What type of media files does Cobalt Transcribe support?

Cobalt Transcribe supports common media formats, such as WAV, MP3, FLAC, Ogg and audio encoding like PCM, mu-law, and a-law. Raw audio format is also supported.

My audio source is 48kHz/44.1kHz. Does Cobalt Transcribe support that?

Yes, we resample the audio to an appropriate sampling rate automatically. Please note that our default sampling rates are 16kHz for wideband models and 8kHz for telephony models. Accuracy improvements for higher sampling rates (than 16kHz) are minimal, and not generally worth the associated increase in data rates and data transfer requirements, or the additional overhead for resampling.

API and Integration

How do I test Cobalt Transcribe?

We are happy to offer free trials under a software evaluation license of Cobalt Transcribe with all available features. Typically, our software evaluation licenses are for a period of 30 days. To get started with Cobalt Transcribe, please check the quick start.

Please try our Cobalt Transcribe Speech Recognition Demo for simple evaluation purposes. This demo server is for testing and demonstration purposes only and is not guaranteed to support high availability or high volume.

Which SDKs are available to integrate Cobalt Transcribe into my project?

Cobalt Transcribe uses gRPC to define its APIs. The API is defined as a protobuf schema, and grpc tools can be used to generate client SDKs in several languages, including Python, Go, C++, Java, C#, etc.

Can I use my own models with Cobalt Transcribe?

Cobalt Transcribe models are trained on thousands of hours of data and produce very accurate transcripts over a wide range of different conditions. We provide tools and services that allow our models to be tailored towards your particular use case if additional accuracy is desired. If customers have their own existing Kaldi or wav2vec 2.0 models, Cobalt Transcribe supports the use of those external models.

Product Comparison

What are the benefits of Cobalt Transcribe over other speech-to-text services?

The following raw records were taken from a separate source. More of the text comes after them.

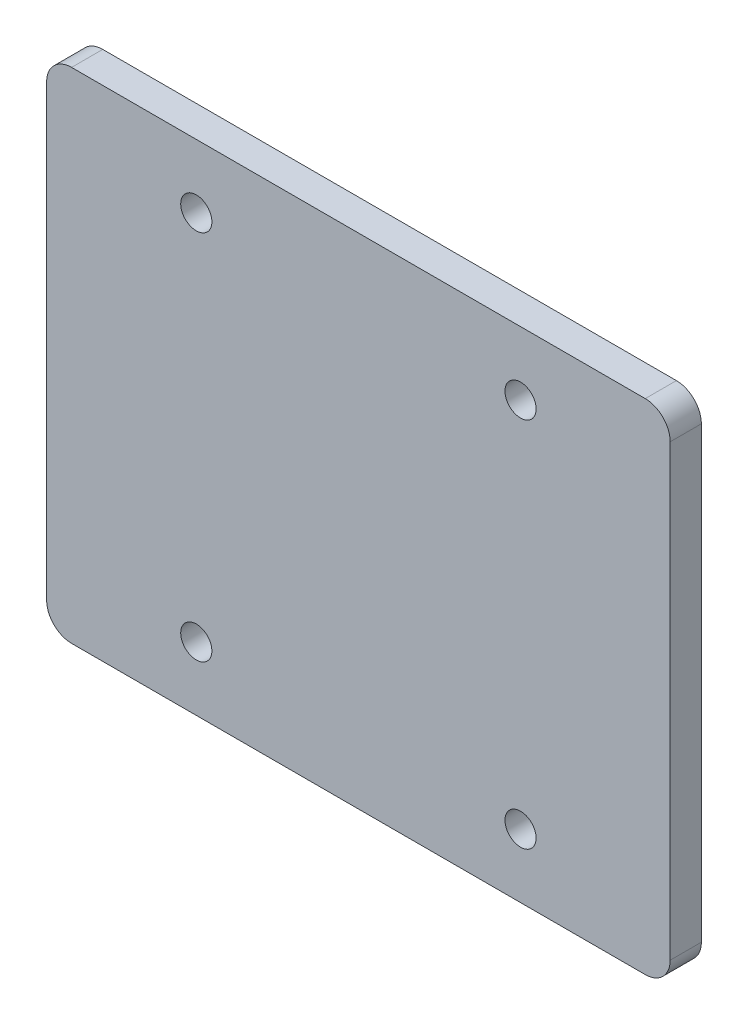
ISO-10303-21;
HEADER;
FILE_DESCRIPTION(('STEP AP214'),'2;1');
FILE_NAME('part.step','',(''),(''),'','','');
FILE_SCHEMA(('AUTOMOTIVE_DESIGN { 1 0 10303 214 1 1 1 1 }'));
ENDSEC;
DATA;
#1=APPLICATION_CONTEXT('core data for automotive mechanical design processes');
#2=APPLICATION_PROTOCOL_DEFINITION('international standard','automotive_design',2000,#1);
#3=PRODUCT_CONTEXT('',#1,'mechanical');
#4=PRODUCT('Part','Part','',(#3));
#5=PRODUCT_RELATED_PRODUCT_CATEGORY('part','',(#4));
#6=PRODUCT_DEFINITION_FORMATION('','',#4);
#7=PRODUCT_DEFINITION_CONTEXT('part definition',#1,'design');
#8=PRODUCT_DEFINITION('design','',#6,#7);
#9=PRODUCT_DEFINITION_SHAPE('','',#8);
#10=(LENGTH_UNIT() NAMED_UNIT(*) SI_UNIT(.MILLI.,.METRE.));
#11=(NAMED_UNIT(*) PLANE_ANGLE_UNIT() SI_UNIT($,.RADIAN.));
#12=(NAMED_UNIT(*) SI_UNIT($,.STERADIAN.) SOLID_ANGLE_UNIT());
#13=UNCERTAINTY_MEASURE_WITH_UNIT(LENGTH_MEASURE(1.E-05),#10,'distance_accuracy_value','');
#14=(GEOMETRIC_REPRESENTATION_CONTEXT(3) GLOBAL_UNCERTAINTY_ASSIGNED_CONTEXT((#13)) GLOBAL_UNIT_ASSIGNED_CONTEXT((#10,
#11,#12)) REPRESENTATION_CONTEXT('',''));
#15=CARTESIAN_POINT('',(0.,0.,0.));
#16=DIRECTION('',(0.,0.,1.));
#17=DIRECTION('',(1.,0.,0.));
#18=AXIS2_PLACEMENT_3D('',#15,#16,#17);
#19=CARTESIAN_POINT('',(0.,0.,3.175));
#20=DIRECTION('',(1.,0.,0.));
#21=DIRECTION('',(0.,1.,0.));
#22=AXIS2_PLACEMENT_3D('',#19,#20,#21);
#23=PLANE('',#22);
#24=DIRECTION('',(0.,-1.,0.));
#25=VECTOR('',#24,1.);
#26=CARTESIAN_POINT('',(0.,0.,0.));
#27=LINE('',#26,#25);
#28=CARTESIAN_POINT('',(0.,48.26,0.));
#29=VERTEX_POINT('',#28);
#30=CARTESIAN_POINT('',(0.,2.54,0.));
#31=VERTEX_POINT('',#30);
#32=EDGE_CURVE('E126',#29,#31,#27,.T.);
#33=ORIENTED_EDGE('',*,*,#32,.T.);
#34=DIRECTION('',(0.,0.,-1.));
#35=VECTOR('',#34,1.);
#36=CARTESIAN_POINT('',(0.,2.54,3.175));
#37=LINE('',#36,#35);
#38=CARTESIAN_POINT('',(0.,2.54,3.175));
#39=VERTEX_POINT('',#38);
#40=EDGE_CURVE('E104',#31,#39,#37,.F.);
#41=ORIENTED_EDGE('',*,*,#40,.T.);
#42=DIRECTION('',(0.,-1.,0.));
#43=VECTOR('',#42,1.);
#44=CARTESIAN_POINT('',(0.,0.,3.175));
#45=LINE('',#44,#43);
#46=CARTESIAN_POINT('',(0.,48.26,3.175));
#47=VERTEX_POINT('',#46);
#48=EDGE_CURVE('E136',#47,#39,#45,.T.);
#49=ORIENTED_EDGE('',*,*,#48,.F.);
#50=DIRECTION('',(0.,0.,-1.));
#51=VECTOR('',#50,1.);
#52=CARTESIAN_POINT('',(0.,48.26,3.175));
#53=LINE('',#52,#51);
#54=EDGE_CURVE('E109',#47,#29,#53,.T.);
#55=ORIENTED_EDGE('',*,*,#54,.T.);
#56=EDGE_LOOP('',(#33,#41,#49,#55));
#57=FACE_BOUND('',#56,.T.);
#58=ADVANCED_FACE('F34',(#57),#23,.F.);
#59=CARTESIAN_POINT('',(0.,0.,3.175));
#60=DIRECTION('',(0.,1.,0.));
#61=DIRECTION('',(0.,0.,1.));
#62=AXIS2_PLACEMENT_3D('',#59,#60,#61);
#63=PLANE('',#62);
#64=DIRECTION('',(1.,0.,0.));
#65=VECTOR('',#64,1.);
#66=CARTESIAN_POINT('',(0.,0.,3.175));
#67=LINE('',#66,#65);
#68=CARTESIAN_POINT('',(2.54,0.,3.175));
#69=VERTEX_POINT('',#68);
#70=CARTESIAN_POINT('',(60.96,0.,3.175));
#71=VERTEX_POINT('',#70);
#72=EDGE_CURVE('E119',#69,#71,#67,.T.);
#73=ORIENTED_EDGE('',*,*,#72,.F.);
#74=DIRECTION('',(0.,0.,-1.));
#75=VECTOR('',#74,1.);
#76=CARTESIAN_POINT('',(2.54,0.,3.175));
#77=LINE('',#76,#75);
#78=CARTESIAN_POINT('',(2.54,0.,0.));
#79=VERTEX_POINT('',#78);
#80=EDGE_CURVE('E103',#69,#79,#77,.T.);
#81=ORIENTED_EDGE('',*,*,#80,.T.);
#82=DIRECTION('',(1.,0.,0.));
#83=VECTOR('',#82,1.);
#84=CARTESIAN_POINT('',(0.,0.,0.));
#85=LINE('',#84,#83);
#86=CARTESIAN_POINT('',(60.96,0.,0.));
#87=VERTEX_POINT('',#86);
#88=EDGE_CURVE('E116',#79,#87,#85,.T.);
#89=ORIENTED_EDGE('',*,*,#88,.T.);
#90=DIRECTION('',(0.,0.,-1.));
#91=VECTOR('',#90,1.);
#92=CARTESIAN_POINT('',(60.96,0.,3.175));
#93=LINE('',#92,#91);
#94=EDGE_CURVE('E121',#87,#71,#93,.F.);
#95=ORIENTED_EDGE('',*,*,#94,.T.);
#96=EDGE_LOOP('',(#73,#81,#89,#95));
#97=FACE_BOUND('',#96,.T.);
#98=ADVANCED_FACE('F115',(#97),#63,.F.);
#99=CARTESIAN_POINT('',(63.5,0.,3.175));
#100=DIRECTION('',(-1.,0.,0.));
#101=DIRECTION('',(0.,-1.,0.));
#102=AXIS2_PLACEMENT_3D('',#99,#100,#101);
#103=PLANE('',#102);
#104=DIRECTION('',(0.,1.,0.));
#105=VECTOR('',#104,1.);
#106=CARTESIAN_POINT('',(63.5,0.,3.175));
#107=LINE('',#106,#105);
#108=CARTESIAN_POINT('',(63.5,2.54,3.175));
#109=VERTEX_POINT('',#108);
#110=CARTESIAN_POINT('',(63.5,48.26,3.175));
#111=VERTEX_POINT('',#110);
#112=EDGE_CURVE('E170',#109,#111,#107,.T.);
#113=ORIENTED_EDGE('',*,*,#112,.F.);
#114=DIRECTION('',(0.,0.,-1.));
#115=VECTOR('',#114,1.);
#116=CARTESIAN_POINT('',(63.5,2.54,3.175));
#117=LINE('',#116,#115);
#118=CARTESIAN_POINT('',(63.5,2.54,0.));
#119=VERTEX_POINT('',#118);
#120=EDGE_CURVE('E155',#109,#119,#117,.T.);
#121=ORIENTED_EDGE('',*,*,#120,.T.);
#122=DIRECTION('',(0.,1.,0.));
#123=VECTOR('',#122,1.);
#124=CARTESIAN_POINT('',(63.5,0.,0.));
#125=LINE('',#124,#123);
#126=CARTESIAN_POINT('',(63.5,48.26,0.));
#127=VERTEX_POINT('',#126);
#128=EDGE_CURVE('E125',#119,#127,#125,.T.);
#129=ORIENTED_EDGE('',*,*,#128,.T.);
#130=DIRECTION('',(0.,0.,-1.));
#131=VECTOR('',#130,1.);
#132=CARTESIAN_POINT('',(63.5,48.26,3.175));
#133=LINE('',#132,#131);
#134=EDGE_CURVE('E153',#127,#111,#133,.F.);
#135=ORIENTED_EDGE('',*,*,#134,.T.);
#136=EDGE_LOOP('',(#113,#121,#129,#135));
#137=FACE_BOUND('',#136,.T.);
#138=ADVANCED_FACE('F185',(#137),#103,.F.);
#139=CARTESIAN_POINT('',(0.,50.8,3.175));
#140=DIRECTION('',(0.,-1.,0.));
#141=DIRECTION('',(0.,0.,-1.));
#142=AXIS2_PLACEMENT_3D('',#139,#140,#141);
#143=PLANE('',#142);
#144=DIRECTION('',(-1.,0.,0.));
#145=VECTOR('',#144,1.);
#146=CARTESIAN_POINT('',(0.,50.8,0.));
#147=LINE('',#146,#145);
#148=CARTESIAN_POINT('',(60.96,50.8,0.));
#149=VERTEX_POINT('',#148);
#150=CARTESIAN_POINT('',(2.53999999999999,50.8,0.));
#151=VERTEX_POINT('',#150);
#152=EDGE_CURVE('E129',#149,#151,#147,.T.);
#153=ORIENTED_EDGE('',*,*,#152,.T.);
#154=DIRECTION('',(0.,0.,-1.));
#155=VECTOR('',#154,1.);
#156=CARTESIAN_POINT('',(2.53999999999999,50.8,3.175));
#157=LINE('',#156,#155);
#158=CARTESIAN_POINT('',(2.53999999999999,50.8,3.175));
#159=VERTEX_POINT('',#158);
#160=EDGE_CURVE('E11',#151,#159,#157,.F.);
#161=ORIENTED_EDGE('',*,*,#160,.T.);
#162=DIRECTION('',(-1.,0.,0.));
#163=VECTOR('',#162,1.);
#164=CARTESIAN_POINT('',(0.,50.8,3.175));
#165=LINE('',#164,#163);
#166=CARTESIAN_POINT('',(60.96,50.8,3.175));
#167=VERTEX_POINT('',#166);
#168=EDGE_CURVE('E137',#167,#159,#165,.T.);
#169=ORIENTED_EDGE('',*,*,#168,.F.);
#170=DIRECTION('',(0.,0.,-1.));
#171=VECTOR('',#170,1.);
#172=CARTESIAN_POINT('',(60.96,50.8,3.175));
#173=LINE('',#172,#171);
#174=EDGE_CURVE('E42',#167,#149,#173,.T.);
#175=ORIENTED_EDGE('',*,*,#174,.T.);
#176=EDGE_LOOP('',(#153,#161,#169,#175));
#177=FACE_BOUND('',#176,.T.);
#178=ADVANCED_FACE('F160',(#177),#143,.F.);
#179=CARTESIAN_POINT('',(0.,0.,3.175));
#180=DIRECTION('',(0.,0.,-1.));
#181=DIRECTION('',(-1.,0.,0.));
#182=AXIS2_PLACEMENT_3D('',#179,#180,#181);
#183=PLANE('',#182);
#184=CARTESIAN_POINT('',(48.26,6.477,3.175));
#185=DIRECTION('',(0.,0.,-1.));
#186=DIRECTION('',(-1.,0.,0.));
#187=AXIS2_PLACEMENT_3D('',#184,#185,#186);
#188=CIRCLE('',#187,1.5875);
#189=CARTESIAN_POINT('',(46.6725,6.477,3.175));
#190=VERTEX_POINT('',#189);
#191=EDGE_CURVE('E301',#190,#190,#188,.T.);
#192=ORIENTED_EDGE('',*,*,#191,.T.);
#193=EDGE_LOOP('',(#192));
#194=FACE_BOUND('',#193,.T.);
#195=CARTESIAN_POINT('',(48.26,44.323,3.175));
#196=DIRECTION('',(0.,0.,-1.));
#197=DIRECTION('',(-1.,0.,0.));
#198=AXIS2_PLACEMENT_3D('',#195,#196,#197);
#199=CIRCLE('',#198,1.5875);
#200=CARTESIAN_POINT('',(46.6725,44.323,3.175));
#201=VERTEX_POINT('',#200);
#202=EDGE_CURVE('E303',#201,#201,#199,.T.);
#203=ORIENTED_EDGE('',*,*,#202,.T.);
#204=EDGE_LOOP('',(#203));
#205=FACE_BOUND('',#204,.T.);
#206=CARTESIAN_POINT('',(15.24,44.323,3.175));
#207=DIRECTION('',(0.,0.,-1.));
#208=DIRECTION('',(-1.,0.,0.));
#209=AXIS2_PLACEMENT_3D('',#206,#207,#208);
#210=CIRCLE('',#209,1.5875);
#211=CARTESIAN_POINT('',(13.6525,44.323,3.175));
#212=VERTEX_POINT('',#211);
#213=EDGE_CURVE('E315',#212,#212,#210,.T.);
#214=ORIENTED_EDGE('',*,*,#213,.T.);
#215=EDGE_LOOP('',(#214));
#216=FACE_BOUND('',#215,.T.);
#217=CARTESIAN_POINT('',(15.24,6.477,3.175));
#218=DIRECTION('',(0.,0.,-1.));
#219=DIRECTION('',(-1.,0.,0.));
#220=AXIS2_PLACEMENT_3D('',#217,#218,#219);
#221=CIRCLE('',#220,1.5875);
#222=CARTESIAN_POINT('',(13.6525,6.477,3.175));
#223=VERTEX_POINT('',#222);
#224=EDGE_CURVE('E308',#223,#223,#221,.T.);
#225=ORIENTED_EDGE('',*,*,#224,.T.);
#226=EDGE_LOOP('',(#225));
#227=FACE_BOUND('',#226,.T.);
#228=ORIENTED_EDGE('',*,*,#48,.T.);
#229=CARTESIAN_POINT('',(2.54,2.54,3.175));
#230=DIRECTION('',(0.,0.,-1.));
#231=DIRECTION('',(-1.,0.,0.));
#232=AXIS2_PLACEMENT_3D('',#229,#230,#231);
#233=CIRCLE('',#232,2.54);
#234=EDGE_CURVE('E151',#39,#69,#233,.F.);
#235=ORIENTED_EDGE('',*,*,#234,.T.);
#236=ORIENTED_EDGE('',*,*,#72,.T.);
#237=CARTESIAN_POINT('',(60.96,2.54,3.175));
#238=DIRECTION('',(0.,0.,-1.));
#239=DIRECTION('',(-1.,0.,0.));
#240=AXIS2_PLACEMENT_3D('',#237,#238,#239);
#241=CIRCLE('',#240,2.54);
#242=EDGE_CURVE('E149',#71,#109,#241,.F.);
#243=ORIENTED_EDGE('',*,*,#242,.T.);
#244=ORIENTED_EDGE('',*,*,#112,.T.);
#245=CARTESIAN_POINT('',(60.96,48.26,3.175));
#246=DIRECTION('',(0.,0.,-1.));
#247=DIRECTION('',(-1.,0.,0.));
#248=AXIS2_PLACEMENT_3D('',#245,#246,#247);
#249=CIRCLE('',#248,2.54);
#250=EDGE_CURVE('E54',#111,#167,#249,.F.);
#251=ORIENTED_EDGE('',*,*,#250,.T.);
#252=ORIENTED_EDGE('',*,*,#168,.T.);
#253=CARTESIAN_POINT('',(2.53999999999999,48.26,3.175));
#254=DIRECTION('',(0.,0.,-1.));
#255=DIRECTION('',(-1.,0.,0.));
#256=AXIS2_PLACEMENT_3D('',#253,#254,#255);
#257=CIRCLE('',#256,2.54);
#258=EDGE_CURVE('E147',#159,#47,#257,.F.);
#259=ORIENTED_EDGE('',*,*,#258,.T.);
#260=EDGE_LOOP('',(#228,#235,#236,#243,#244,#251,#252,#259));
#261=FACE_BOUND('',#260,.T.);
#262=ADVANCED_FACE('F175',(#194,#205,#216,#227,#261),#183,.F.);
#263=CARTESIAN_POINT('',(0.,0.,0.));
#264=DIRECTION('',(0.,0.,-1.));
#265=DIRECTION('',(-1.,0.,0.));
#266=AXIS2_PLACEMENT_3D('',#263,#264,#265);
#267=PLANE('',#266);
#268=CARTESIAN_POINT('',(48.26,6.477,0.));
#269=DIRECTION('',(0.,0.,-1.));
#270=DIRECTION('',(-1.,0.,0.));
#271=AXIS2_PLACEMENT_3D('',#268,#269,#270);
#272=CIRCLE('',#271,1.5875);
#273=CARTESIAN_POINT('',(46.6725,6.477,0.));
#274=VERTEX_POINT('',#273);
#275=EDGE_CURVE('E299',#274,#274,#272,.T.);
#276=ORIENTED_EDGE('',*,*,#275,.F.);
#277=EDGE_LOOP('',(#276));
#278=FACE_BOUND('',#277,.T.);
#279=CARTESIAN_POINT('',(48.26,44.323,0.));
#280=DIRECTION('',(0.,0.,-1.));
#281=DIRECTION('',(-1.,0.,0.));
#282=AXIS2_PLACEMENT_3D('',#279,#280,#281);
#283=CIRCLE('',#282,1.5875);
#284=CARTESIAN_POINT('',(46.6725,44.323,0.));
#285=VERTEX_POINT('',#284);
#286=EDGE_CURVE('E306',#285,#285,#283,.T.);
#287=ORIENTED_EDGE('',*,*,#286,.F.);
#288=EDGE_LOOP('',(#287));
#289=FACE_BOUND('',#288,.T.);
#290=CARTESIAN_POINT('',(15.24,44.323,0.));
#291=DIRECTION('',(0.,0.,-1.));
#292=DIRECTION('',(-1.,0.,0.));
#293=AXIS2_PLACEMENT_3D('',#290,#291,#292);
#294=CIRCLE('',#293,1.5875);
#295=CARTESIAN_POINT('',(13.6525,44.323,0.));
#296=VERTEX_POINT('',#295);
#297=EDGE_CURVE('E310',#296,#296,#294,.T.);
#298=ORIENTED_EDGE('',*,*,#297,.F.);
#299=EDGE_LOOP('',(#298));
#300=FACE_BOUND('',#299,.T.);
#301=CARTESIAN_POINT('',(15.24,6.477,0.));
#302=DIRECTION('',(0.,0.,-1.));
#303=DIRECTION('',(-1.,0.,0.));
#304=AXIS2_PLACEMENT_3D('',#301,#302,#303);
#305=CIRCLE('',#304,1.5875);
#306=CARTESIAN_POINT('',(13.6525,6.477,0.));
#307=VERTEX_POINT('',#306);
#308=EDGE_CURVE('E131',#307,#307,#305,.T.);
#309=ORIENTED_EDGE('',*,*,#308,.F.);
#310=EDGE_LOOP('',(#309));
#311=FACE_BOUND('',#310,.T.);
#312=ORIENTED_EDGE('',*,*,#88,.F.);
#313=CARTESIAN_POINT('',(2.54,2.54,0.));
#314=DIRECTION('',(0.,0.,-1.));
#315=DIRECTION('',(-1.,0.,0.));
#316=AXIS2_PLACEMENT_3D('',#313,#314,#315);
#317=CIRCLE('',#316,2.54);
#318=EDGE_CURVE('E99',#79,#31,#317,.T.);
#319=ORIENTED_EDGE('',*,*,#318,.T.);
#320=ORIENTED_EDGE('',*,*,#32,.F.);
#321=CARTESIAN_POINT('',(2.53999999999999,48.26,0.));
#322=DIRECTION('',(0.,0.,-1.));
#323=DIRECTION('',(-1.,0.,0.));
#324=AXIS2_PLACEMENT_3D('',#321,#322,#323);
#325=CIRCLE('',#324,2.54);
#326=EDGE_CURVE('E140',#29,#151,#325,.T.);
#327=ORIENTED_EDGE('',*,*,#326,.T.);
#328=ORIENTED_EDGE('',*,*,#152,.F.);
#329=CARTESIAN_POINT('',(60.96,48.26,0.));
#330=DIRECTION('',(0.,0.,-1.));
#331=DIRECTION('',(-1.,0.,0.));
#332=AXIS2_PLACEMENT_3D('',#329,#330,#331);
#333=CIRCLE('',#332,2.54);
#334=EDGE_CURVE('E120',#149,#127,#333,.T.);
#335=ORIENTED_EDGE('',*,*,#334,.T.);
#336=ORIENTED_EDGE('',*,*,#128,.F.);
#337=CARTESIAN_POINT('',(60.96,2.54,0.));
#338=DIRECTION('',(0.,0.,-1.));
#339=DIRECTION('',(-1.,0.,0.));
#340=AXIS2_PLACEMENT_3D('',#337,#338,#339);
#341=CIRCLE('',#340,2.54);
#342=EDGE_CURVE('E110',#119,#87,#341,.T.);
#343=ORIENTED_EDGE('',*,*,#342,.T.);
#344=EDGE_LOOP('',(#312,#319,#320,#327,#328,#335,#336,#343));
#345=FACE_BOUND('',#344,.T.);
#346=ADVANCED_FACE('F123',(#278,#289,#300,#311,#345),#267,.T.);
#347=CARTESIAN_POINT('',(2.54,2.54,3.175));
#348=DIRECTION('',(0.,0.,-1.));
#349=DIRECTION('',(-1.,0.,0.));
#350=AXIS2_PLACEMENT_3D('',#347,#348,#349);
#351=CYLINDRICAL_SURFACE('',#350,2.54);
#352=ORIENTED_EDGE('',*,*,#234,.F.);
#353=ORIENTED_EDGE('',*,*,#40,.F.);
#354=ORIENTED_EDGE('',*,*,#318,.F.);
#355=ORIENTED_EDGE('',*,*,#80,.F.);
#356=EDGE_LOOP('',(#352,#353,#354,#355));
#357=FACE_BOUND('',#356,.T.);
#358=ADVANCED_FACE('F102',(#357),#351,.T.);
#359=CARTESIAN_POINT('',(60.96,2.54,3.175));
#360=DIRECTION('',(0.,0.,-1.));
#361=DIRECTION('',(-1.,0.,0.));
#362=AXIS2_PLACEMENT_3D('',#359,#360,#361);
#363=CYLINDRICAL_SURFACE('',#362,2.54);
#364=ORIENTED_EDGE('',*,*,#242,.F.);
#365=ORIENTED_EDGE('',*,*,#94,.F.);
#366=ORIENTED_EDGE('',*,*,#342,.F.);
#367=ORIENTED_EDGE('',*,*,#120,.F.);
#368=EDGE_LOOP('',(#364,#365,#366,#367));
#369=FACE_BOUND('',#368,.T.);
#370=ADVANCED_FACE('F200',(#369),#363,.T.);
#371=CARTESIAN_POINT('',(2.53999999999999,48.26,3.175));
#372=DIRECTION('',(0.,0.,-1.));
#373=DIRECTION('',(-1.,0.,0.));
#374=AXIS2_PLACEMENT_3D('',#371,#372,#373);
#375=CYLINDRICAL_SURFACE('',#374,2.54);
#376=ORIENTED_EDGE('',*,*,#258,.F.);
#377=ORIENTED_EDGE('',*,*,#160,.F.);
#378=ORIENTED_EDGE('',*,*,#326,.F.);
#379=ORIENTED_EDGE('',*,*,#54,.F.);
#380=EDGE_LOOP('',(#376,#377,#378,#379));
#381=FACE_BOUND('',#380,.T.);
#382=ADVANCED_FACE('F165',(#381),#375,.T.);
#383=CARTESIAN_POINT('',(60.96,48.26,3.175));
#384=DIRECTION('',(0.,0.,-1.));
#385=DIRECTION('',(-1.,0.,0.));
#386=AXIS2_PLACEMENT_3D('',#383,#384,#385);
#387=CYLINDRICAL_SURFACE('',#386,2.54);
#388=ORIENTED_EDGE('',*,*,#250,.F.);
#389=ORIENTED_EDGE('',*,*,#134,.F.);
#390=ORIENTED_EDGE('',*,*,#334,.F.);
#391=ORIENTED_EDGE('',*,*,#174,.F.);
#392=EDGE_LOOP('',(#388,#389,#390,#391));
#393=FACE_BOUND('',#392,.T.);
#394=ADVANCED_FACE('F36',(#393),#387,.T.);
#395=CARTESIAN_POINT('',(15.24,6.477,-0.00100000000000013));
#396=DIRECTION('',(0.,0.,1.));
#397=DIRECTION('',(1.,0.,0.));
#398=AXIS2_PLACEMENT_3D('',#395,#396,#397);
#399=CYLINDRICAL_SURFACE('',#398,1.5875);
#400=ORIENTED_EDGE('',*,*,#308,.T.);
#401=EDGE_LOOP('',(#400));
#402=FACE_BOUND('',#401,.T.);
#403=ORIENTED_EDGE('',*,*,#224,.F.);
#404=EDGE_LOOP('',(#403));
#405=FACE_BOUND('',#404,.T.);
#406=ADVANCED_FACE('F207',(#402,#405),#399,.F.);
#407=CARTESIAN_POINT('',(15.24,44.323,-0.00100000000000013));
#408=DIRECTION('',(0.,0.,1.));
#409=DIRECTION('',(1.,0.,0.));
#410=AXIS2_PLACEMENT_3D('',#407,#408,#409);
#411=CYLINDRICAL_SURFACE('',#410,1.5875);
#412=ORIENTED_EDGE('',*,*,#297,.T.);
#413=EDGE_LOOP('',(#412));
#414=FACE_BOUND('',#413,.T.);
#415=ORIENTED_EDGE('',*,*,#213,.F.);
#416=EDGE_LOOP('',(#415));
#417=FACE_BOUND('',#416,.T.);
#418=ADVANCED_FACE('F211',(#414,#417),#411,.F.);
#419=CARTESIAN_POINT('',(48.26,44.323,-0.00100000000000013));
#420=DIRECTION('',(0.,0.,1.));
#421=DIRECTION('',(1.,0.,0.));
#422=AXIS2_PLACEMENT_3D('',#419,#420,#421);
#423=CYLINDRICAL_SURFACE('',#422,1.5875);
#424=ORIENTED_EDGE('',*,*,#286,.T.);
#425=EDGE_LOOP('',(#424));
#426=FACE_BOUND('',#425,.T.);
#427=ORIENTED_EDGE('',*,*,#202,.F.);
#428=EDGE_LOOP('',(#427));
#429=FACE_BOUND('',#428,.T.);
#430=ADVANCED_FACE('F272',(#426,#429),#423,.F.);
#431=CARTESIAN_POINT('',(48.26,6.477,-0.00100000000000013));
#432=DIRECTION('',(0.,0.,1.));
#433=DIRECTION('',(1.,0.,0.));
#434=AXIS2_PLACEMENT_3D('',#431,#432,#433);
#435=CYLINDRICAL_SURFACE('',#434,1.5875);
#436=ORIENTED_EDGE('',*,*,#275,.T.);
#437=EDGE_LOOP('',(#436));
#438=FACE_BOUND('',#437,.T.);
#439=ORIENTED_EDGE('',*,*,#191,.F.);
#440=EDGE_LOOP('',(#439));
#441=FACE_BOUND('',#440,.T.);
#442=ADVANCED_FACE('F282',(#438,#441),#435,.F.);
#443=CLOSED_SHELL('',(#58,#98,#138,#178,#262,#346,#358,#370,#382,#394,#406,#418,#430,#442));
#444=MANIFOLD_SOLID_BREP('B2',#443);
#445=ADVANCED_BREP_SHAPE_REPRESENTATION('',(#18,#444),#14);
#446=SHAPE_DEFINITION_REPRESENTATION(#9,#445);
ENDSEC;
END-ISO-10303-21;

Compared to other services, Cobalt Transcribe offers the following advantages:

You can host the Cobalt Transcribe server on your system locally or in your virtual private cloud. This enables you to keep your data private and secure.
Cobalt Transcribe has low latency. It is particularly useful for embedded devices and real-time applications.
Cobalt Transcribe is highly customizable. Adaptaing the language and acoustic models to your specific terminology will improve performance.
Cobalt’s experienced speech scientists are available to adapt the LM and AM to your target domain for the best recognition results.
The Cobalt Transcribe API supports several outputs: 1-best results, per-word start times and durations, per-word confidences, n-best transcripts, confusion networks, and lattices.